■ Your task
Every line that contains the word "along" should be copied from the records below.

■ Data shown
■ ■ ■ ■ ■ ■ ■
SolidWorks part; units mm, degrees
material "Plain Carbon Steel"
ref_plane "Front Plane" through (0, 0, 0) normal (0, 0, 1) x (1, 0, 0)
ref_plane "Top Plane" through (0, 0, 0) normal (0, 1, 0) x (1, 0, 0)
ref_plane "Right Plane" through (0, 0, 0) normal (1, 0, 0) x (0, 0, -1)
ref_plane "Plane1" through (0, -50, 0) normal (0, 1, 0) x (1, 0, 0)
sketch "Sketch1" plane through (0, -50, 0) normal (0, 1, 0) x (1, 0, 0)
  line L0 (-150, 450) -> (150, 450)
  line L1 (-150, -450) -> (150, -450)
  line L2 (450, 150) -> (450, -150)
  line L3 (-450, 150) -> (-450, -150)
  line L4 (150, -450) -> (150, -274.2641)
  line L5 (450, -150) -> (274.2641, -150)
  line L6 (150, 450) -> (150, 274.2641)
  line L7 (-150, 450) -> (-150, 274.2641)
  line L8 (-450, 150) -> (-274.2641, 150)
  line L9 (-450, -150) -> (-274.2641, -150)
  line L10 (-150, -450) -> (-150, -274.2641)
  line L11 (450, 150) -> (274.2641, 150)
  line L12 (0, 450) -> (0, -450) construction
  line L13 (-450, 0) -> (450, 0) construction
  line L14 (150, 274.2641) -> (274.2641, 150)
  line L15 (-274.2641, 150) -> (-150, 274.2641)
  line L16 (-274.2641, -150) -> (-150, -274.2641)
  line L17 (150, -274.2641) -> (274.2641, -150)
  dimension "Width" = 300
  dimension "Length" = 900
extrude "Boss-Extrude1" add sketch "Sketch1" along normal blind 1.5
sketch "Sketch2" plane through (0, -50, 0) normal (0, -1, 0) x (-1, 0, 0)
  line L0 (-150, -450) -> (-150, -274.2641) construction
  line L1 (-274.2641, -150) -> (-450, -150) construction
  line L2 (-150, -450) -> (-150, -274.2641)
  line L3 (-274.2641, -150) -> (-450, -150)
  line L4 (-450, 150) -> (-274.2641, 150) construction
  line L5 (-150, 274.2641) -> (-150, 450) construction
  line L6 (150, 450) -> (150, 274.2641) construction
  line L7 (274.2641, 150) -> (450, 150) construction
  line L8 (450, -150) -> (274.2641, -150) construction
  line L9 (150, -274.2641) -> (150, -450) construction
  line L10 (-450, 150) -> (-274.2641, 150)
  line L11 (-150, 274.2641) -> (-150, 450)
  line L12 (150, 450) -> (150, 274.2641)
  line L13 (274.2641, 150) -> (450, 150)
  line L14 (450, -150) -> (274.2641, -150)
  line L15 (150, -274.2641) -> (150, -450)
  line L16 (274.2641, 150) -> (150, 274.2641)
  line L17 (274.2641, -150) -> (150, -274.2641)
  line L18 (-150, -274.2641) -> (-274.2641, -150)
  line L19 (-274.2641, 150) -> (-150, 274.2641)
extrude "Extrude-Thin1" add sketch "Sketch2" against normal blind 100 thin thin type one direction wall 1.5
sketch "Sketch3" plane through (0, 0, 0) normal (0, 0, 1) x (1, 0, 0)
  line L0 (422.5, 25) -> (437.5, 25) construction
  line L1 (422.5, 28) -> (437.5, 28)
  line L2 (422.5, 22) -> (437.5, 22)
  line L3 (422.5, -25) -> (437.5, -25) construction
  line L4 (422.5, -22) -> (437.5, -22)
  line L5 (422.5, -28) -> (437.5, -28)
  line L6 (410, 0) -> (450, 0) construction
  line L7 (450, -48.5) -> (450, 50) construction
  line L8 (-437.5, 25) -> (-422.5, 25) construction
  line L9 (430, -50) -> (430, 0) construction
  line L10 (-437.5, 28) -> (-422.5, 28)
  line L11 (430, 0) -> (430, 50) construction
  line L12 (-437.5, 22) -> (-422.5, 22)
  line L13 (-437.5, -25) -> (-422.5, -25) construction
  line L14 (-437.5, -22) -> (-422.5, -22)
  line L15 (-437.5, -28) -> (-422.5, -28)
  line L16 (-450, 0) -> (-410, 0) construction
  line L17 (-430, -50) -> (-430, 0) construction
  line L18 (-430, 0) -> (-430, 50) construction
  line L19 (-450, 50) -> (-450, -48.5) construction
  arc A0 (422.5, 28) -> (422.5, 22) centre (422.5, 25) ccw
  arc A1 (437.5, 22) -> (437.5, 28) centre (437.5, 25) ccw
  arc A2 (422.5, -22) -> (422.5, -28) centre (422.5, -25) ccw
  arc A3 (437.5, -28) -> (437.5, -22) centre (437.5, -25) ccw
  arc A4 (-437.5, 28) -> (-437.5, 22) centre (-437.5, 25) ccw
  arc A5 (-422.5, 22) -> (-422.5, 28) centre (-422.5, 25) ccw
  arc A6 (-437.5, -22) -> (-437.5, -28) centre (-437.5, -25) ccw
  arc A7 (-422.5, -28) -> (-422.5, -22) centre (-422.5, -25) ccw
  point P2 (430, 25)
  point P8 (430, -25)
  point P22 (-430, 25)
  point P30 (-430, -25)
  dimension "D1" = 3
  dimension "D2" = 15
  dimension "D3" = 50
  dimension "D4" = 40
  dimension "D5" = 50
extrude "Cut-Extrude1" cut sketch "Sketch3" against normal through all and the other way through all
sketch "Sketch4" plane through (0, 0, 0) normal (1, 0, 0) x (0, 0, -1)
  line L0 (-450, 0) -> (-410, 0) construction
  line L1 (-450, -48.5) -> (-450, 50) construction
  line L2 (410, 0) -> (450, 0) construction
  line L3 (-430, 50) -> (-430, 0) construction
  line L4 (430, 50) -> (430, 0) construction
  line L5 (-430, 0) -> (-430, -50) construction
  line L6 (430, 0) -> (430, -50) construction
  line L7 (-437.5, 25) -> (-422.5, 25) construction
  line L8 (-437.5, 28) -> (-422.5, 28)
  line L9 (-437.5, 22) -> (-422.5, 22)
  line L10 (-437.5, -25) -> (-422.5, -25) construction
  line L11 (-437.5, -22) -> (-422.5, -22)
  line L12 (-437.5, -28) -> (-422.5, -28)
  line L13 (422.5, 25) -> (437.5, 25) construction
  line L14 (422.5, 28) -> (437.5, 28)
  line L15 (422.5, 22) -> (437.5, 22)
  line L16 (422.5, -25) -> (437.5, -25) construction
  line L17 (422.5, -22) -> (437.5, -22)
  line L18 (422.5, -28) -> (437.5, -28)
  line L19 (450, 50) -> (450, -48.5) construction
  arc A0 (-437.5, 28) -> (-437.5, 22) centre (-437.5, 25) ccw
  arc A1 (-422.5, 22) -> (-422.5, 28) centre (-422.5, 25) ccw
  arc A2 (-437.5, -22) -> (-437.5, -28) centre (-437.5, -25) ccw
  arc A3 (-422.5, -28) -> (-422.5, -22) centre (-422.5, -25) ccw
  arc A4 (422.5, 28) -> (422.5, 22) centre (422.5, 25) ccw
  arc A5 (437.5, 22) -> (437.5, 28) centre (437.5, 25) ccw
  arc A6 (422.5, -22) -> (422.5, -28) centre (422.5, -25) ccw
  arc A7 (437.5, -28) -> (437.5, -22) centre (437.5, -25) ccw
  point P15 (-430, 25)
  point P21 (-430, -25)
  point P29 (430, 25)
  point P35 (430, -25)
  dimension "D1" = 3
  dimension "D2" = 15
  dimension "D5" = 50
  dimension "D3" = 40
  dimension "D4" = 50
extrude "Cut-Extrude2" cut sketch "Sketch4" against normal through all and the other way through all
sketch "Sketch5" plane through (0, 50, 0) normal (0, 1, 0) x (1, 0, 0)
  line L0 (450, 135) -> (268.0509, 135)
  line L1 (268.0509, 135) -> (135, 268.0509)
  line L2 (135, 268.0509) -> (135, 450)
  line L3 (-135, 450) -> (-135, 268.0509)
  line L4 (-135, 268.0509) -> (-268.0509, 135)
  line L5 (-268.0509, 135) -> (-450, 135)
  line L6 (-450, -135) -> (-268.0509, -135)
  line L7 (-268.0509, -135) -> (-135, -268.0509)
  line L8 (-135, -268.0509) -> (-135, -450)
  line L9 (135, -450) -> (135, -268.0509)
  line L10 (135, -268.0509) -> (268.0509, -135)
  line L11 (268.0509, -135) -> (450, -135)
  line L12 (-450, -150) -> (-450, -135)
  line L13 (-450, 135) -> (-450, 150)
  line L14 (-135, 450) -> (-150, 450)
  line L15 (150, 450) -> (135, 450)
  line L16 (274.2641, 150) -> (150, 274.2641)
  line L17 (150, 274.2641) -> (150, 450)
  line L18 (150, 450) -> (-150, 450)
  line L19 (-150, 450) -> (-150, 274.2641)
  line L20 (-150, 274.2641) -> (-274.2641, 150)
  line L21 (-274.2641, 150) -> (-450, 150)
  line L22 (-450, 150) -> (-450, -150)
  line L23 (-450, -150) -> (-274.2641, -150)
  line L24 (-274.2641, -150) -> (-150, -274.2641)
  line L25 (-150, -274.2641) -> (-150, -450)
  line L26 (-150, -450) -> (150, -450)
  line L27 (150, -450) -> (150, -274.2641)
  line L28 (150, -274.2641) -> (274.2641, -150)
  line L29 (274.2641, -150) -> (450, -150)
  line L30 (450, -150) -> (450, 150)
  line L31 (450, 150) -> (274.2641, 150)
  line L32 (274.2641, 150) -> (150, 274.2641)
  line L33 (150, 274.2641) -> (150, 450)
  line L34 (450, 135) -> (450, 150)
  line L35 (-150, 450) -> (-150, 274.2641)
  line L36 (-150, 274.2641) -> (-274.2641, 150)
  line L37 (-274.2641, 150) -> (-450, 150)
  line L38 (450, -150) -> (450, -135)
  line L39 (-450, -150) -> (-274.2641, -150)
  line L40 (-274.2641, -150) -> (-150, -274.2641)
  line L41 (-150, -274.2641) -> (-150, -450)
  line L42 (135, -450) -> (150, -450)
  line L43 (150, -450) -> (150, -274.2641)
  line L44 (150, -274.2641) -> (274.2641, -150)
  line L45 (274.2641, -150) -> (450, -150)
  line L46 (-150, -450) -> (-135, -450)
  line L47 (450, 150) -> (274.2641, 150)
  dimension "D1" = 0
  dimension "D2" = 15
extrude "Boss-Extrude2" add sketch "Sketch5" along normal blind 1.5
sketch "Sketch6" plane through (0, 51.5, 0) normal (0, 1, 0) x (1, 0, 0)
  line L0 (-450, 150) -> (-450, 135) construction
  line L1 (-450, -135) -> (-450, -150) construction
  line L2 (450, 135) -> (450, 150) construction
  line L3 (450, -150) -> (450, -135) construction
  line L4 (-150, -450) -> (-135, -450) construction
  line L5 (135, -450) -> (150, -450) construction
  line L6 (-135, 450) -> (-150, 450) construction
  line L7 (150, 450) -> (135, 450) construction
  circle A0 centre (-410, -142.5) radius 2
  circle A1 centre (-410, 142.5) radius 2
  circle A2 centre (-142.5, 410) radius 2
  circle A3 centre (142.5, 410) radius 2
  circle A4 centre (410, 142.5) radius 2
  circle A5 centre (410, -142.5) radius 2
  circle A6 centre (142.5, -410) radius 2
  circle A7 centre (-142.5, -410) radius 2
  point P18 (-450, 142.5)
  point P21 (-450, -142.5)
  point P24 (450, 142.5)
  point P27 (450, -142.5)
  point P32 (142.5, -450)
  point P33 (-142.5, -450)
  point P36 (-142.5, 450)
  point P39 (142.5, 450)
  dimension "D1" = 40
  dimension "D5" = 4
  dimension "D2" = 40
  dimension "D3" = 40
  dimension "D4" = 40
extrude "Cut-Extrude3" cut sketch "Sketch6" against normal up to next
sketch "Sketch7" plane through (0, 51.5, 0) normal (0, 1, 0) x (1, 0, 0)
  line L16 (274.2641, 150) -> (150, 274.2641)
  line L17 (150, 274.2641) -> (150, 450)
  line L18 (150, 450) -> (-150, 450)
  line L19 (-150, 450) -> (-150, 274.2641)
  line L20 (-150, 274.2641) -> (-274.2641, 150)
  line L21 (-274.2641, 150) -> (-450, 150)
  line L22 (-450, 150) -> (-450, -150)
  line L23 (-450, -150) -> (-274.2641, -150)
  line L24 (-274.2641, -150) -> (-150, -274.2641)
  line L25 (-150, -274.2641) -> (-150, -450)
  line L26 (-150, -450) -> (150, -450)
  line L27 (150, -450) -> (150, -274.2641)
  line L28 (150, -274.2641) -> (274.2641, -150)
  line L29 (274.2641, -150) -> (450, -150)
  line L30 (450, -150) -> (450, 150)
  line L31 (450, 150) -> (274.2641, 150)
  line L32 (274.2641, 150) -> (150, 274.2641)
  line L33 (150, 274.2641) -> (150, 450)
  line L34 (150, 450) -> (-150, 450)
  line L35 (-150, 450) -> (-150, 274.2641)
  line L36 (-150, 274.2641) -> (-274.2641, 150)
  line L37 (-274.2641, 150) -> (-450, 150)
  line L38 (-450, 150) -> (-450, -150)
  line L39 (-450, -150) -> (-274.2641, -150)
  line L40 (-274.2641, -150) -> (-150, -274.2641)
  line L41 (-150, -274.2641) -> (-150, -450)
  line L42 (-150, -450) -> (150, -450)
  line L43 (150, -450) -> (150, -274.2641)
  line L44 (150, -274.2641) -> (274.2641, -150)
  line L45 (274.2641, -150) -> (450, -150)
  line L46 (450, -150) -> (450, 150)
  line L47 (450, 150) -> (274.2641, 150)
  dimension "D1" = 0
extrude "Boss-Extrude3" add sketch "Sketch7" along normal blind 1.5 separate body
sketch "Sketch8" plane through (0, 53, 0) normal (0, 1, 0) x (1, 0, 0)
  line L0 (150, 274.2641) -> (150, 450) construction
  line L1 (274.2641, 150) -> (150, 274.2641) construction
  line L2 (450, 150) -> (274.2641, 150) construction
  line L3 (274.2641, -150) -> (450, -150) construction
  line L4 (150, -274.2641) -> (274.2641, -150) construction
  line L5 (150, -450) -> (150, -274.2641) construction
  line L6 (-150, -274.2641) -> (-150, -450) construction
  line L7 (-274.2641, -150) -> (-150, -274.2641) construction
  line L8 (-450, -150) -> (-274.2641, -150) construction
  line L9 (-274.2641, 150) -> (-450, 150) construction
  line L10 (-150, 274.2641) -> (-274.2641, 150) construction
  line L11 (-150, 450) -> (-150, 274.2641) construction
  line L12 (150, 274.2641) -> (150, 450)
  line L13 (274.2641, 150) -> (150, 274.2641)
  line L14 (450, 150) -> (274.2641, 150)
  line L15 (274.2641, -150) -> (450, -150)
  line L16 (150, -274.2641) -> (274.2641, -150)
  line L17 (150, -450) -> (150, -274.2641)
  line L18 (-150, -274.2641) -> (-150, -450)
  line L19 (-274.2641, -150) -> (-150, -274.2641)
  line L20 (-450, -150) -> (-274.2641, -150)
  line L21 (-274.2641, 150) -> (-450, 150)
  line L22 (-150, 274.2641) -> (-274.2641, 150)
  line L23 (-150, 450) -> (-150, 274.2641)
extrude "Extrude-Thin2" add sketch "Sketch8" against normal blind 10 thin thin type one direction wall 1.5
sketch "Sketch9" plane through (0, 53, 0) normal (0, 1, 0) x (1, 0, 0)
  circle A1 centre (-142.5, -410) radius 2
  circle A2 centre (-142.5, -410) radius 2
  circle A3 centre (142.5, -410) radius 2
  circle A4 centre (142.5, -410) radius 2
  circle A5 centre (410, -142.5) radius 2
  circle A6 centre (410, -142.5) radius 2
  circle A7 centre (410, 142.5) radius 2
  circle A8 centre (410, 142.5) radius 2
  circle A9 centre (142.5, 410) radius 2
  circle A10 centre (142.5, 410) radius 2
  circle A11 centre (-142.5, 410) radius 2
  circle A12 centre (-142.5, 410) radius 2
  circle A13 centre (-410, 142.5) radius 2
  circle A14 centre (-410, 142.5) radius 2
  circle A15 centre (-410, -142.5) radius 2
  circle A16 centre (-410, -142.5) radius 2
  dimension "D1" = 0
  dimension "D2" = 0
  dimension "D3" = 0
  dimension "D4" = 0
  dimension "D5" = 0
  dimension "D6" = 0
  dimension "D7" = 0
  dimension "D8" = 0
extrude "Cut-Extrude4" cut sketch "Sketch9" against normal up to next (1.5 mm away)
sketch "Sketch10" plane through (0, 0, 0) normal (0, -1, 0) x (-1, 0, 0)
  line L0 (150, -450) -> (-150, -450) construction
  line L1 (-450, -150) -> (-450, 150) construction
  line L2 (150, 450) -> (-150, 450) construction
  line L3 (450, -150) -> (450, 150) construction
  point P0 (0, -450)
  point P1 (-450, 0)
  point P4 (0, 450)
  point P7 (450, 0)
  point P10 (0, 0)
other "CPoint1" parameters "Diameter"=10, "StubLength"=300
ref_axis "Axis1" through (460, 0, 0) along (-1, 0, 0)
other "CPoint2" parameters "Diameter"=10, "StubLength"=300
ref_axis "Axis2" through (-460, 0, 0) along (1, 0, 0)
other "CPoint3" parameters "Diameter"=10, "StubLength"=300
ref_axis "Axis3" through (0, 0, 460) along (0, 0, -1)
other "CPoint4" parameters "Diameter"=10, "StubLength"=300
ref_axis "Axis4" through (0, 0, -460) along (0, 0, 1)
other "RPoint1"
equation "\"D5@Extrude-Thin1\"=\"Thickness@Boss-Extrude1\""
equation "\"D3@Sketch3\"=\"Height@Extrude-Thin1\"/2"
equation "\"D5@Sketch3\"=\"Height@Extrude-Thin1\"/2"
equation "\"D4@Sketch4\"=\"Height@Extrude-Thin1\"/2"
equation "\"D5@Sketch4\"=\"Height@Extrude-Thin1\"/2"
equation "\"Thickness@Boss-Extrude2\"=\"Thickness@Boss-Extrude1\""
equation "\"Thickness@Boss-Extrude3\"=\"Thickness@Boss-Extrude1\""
■ ■ ■ ■ ■ ■ ■
■ Your response
extrude "Boss-Extrude1" add sketch "Sketch1" along normal blind 1.5
extrude "Boss-Extrude2" add sketch "Sketch5" along normal blind 1.5
extrude "Boss-Extrude3" add sketch "Sketch7" along normal blind 1.5 separate body
ref_axis "Axis1" through (460, 0, 0) along (-1, 0, 0)
ref_axis "Axis2" through (-460, 0, 0) along (1, 0, 0)
ref_axis "Axis3" through (0, 0, 460) along (0, 0, -1)
ref_axis "Axis4" through (0, 0, -460) along (0, 0, 1)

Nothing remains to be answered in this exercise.